-- What to do --
Filter the entries down to the lines containing "settings", and copy those lines.

-- Input --
BEGIN

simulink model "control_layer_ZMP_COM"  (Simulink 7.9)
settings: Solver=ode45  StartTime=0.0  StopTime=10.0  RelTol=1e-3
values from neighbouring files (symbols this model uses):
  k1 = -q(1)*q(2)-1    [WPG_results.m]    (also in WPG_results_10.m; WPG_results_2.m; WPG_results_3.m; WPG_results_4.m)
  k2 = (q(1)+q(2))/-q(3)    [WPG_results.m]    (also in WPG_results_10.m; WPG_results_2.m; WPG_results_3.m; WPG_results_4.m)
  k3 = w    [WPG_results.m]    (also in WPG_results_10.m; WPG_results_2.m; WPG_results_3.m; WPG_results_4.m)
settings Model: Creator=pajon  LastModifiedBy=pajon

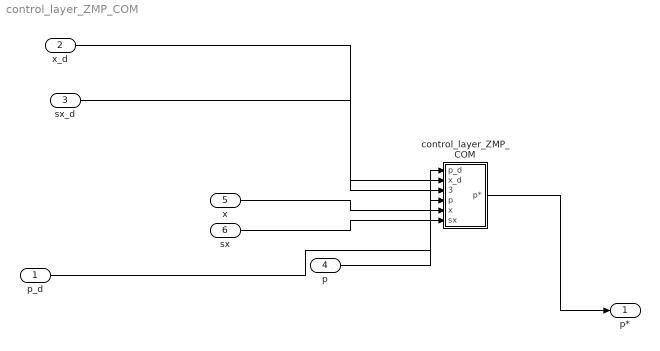
== system control_layer_ZMP_COM ==
  p_d : Inport
  x_d : Inport  Port=2
  sx_d : Inport  Port=3
  p : Inport  Port=4
  x : Inport  Port=5
  sx : Inport  Port=6
  control_layer_ZMP_COM : Subsystem
  p* : Outport
  wires:
  p_d/1 -> control_layer_ZMP_COM/1(p_d)
  x_d/1 -> control_layer_ZMP_COM/2(x_d)
  sx_d/1 -> control_layer_ZMP_COM/3(sx_d)
  p/1 -> control_layer_ZMP_COM/4(p)
  x/1 -> control_layer_ZMP_COM/5(x)
  sx/1 -> control_layer_ZMP_COM/6(sx)
  control_layer_ZMP_COM/1(p*) -> p*/1

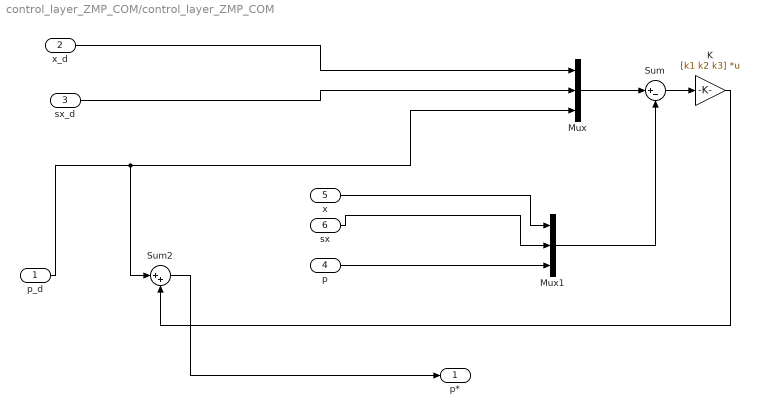
== system control_layer_ZMP_COM/control_layer_ZMP_COM ==
  p_d : Inport
  x_d : Inport  Port=2
  sx_d : Inport  Port=3
  p : Inport  Port=4
  x : Inport  Port=5
  sx : Inport  Port=6
  K : Gain  Gain=[k1 k2 k3]  Multiplication=Matrix(K*u)
  Mux : Mux  Inputs=3
  Mux1 : Mux  Inputs=3
  Sum : Sum  Inputs=|+-
  Sum2 : Sum  Inputs=|++
  p* : Outport
  wires:
  Mux/1 -> Sum/1
  Mux1/1 -> Sum/2
  Sum/1 -> K/1
  K/1 -> Sum2/2
  Sum2/1 -> p*/1
  x/1 -> Mux1/1
  sx/1 -> Mux1/2
  p_d/1 -> Mux/3, Sum2/1
  x_d/1 -> Mux/1
  sx_d/1 -> Mux/2
  p/1 -> Mux1/3

END

-- Problem solution --
settings: Solver=ode45  StartTime=0.0  StopTime=10.0  RelTol=1e-3
settings Model: Creator=pajon  LastModifiedBy=pajon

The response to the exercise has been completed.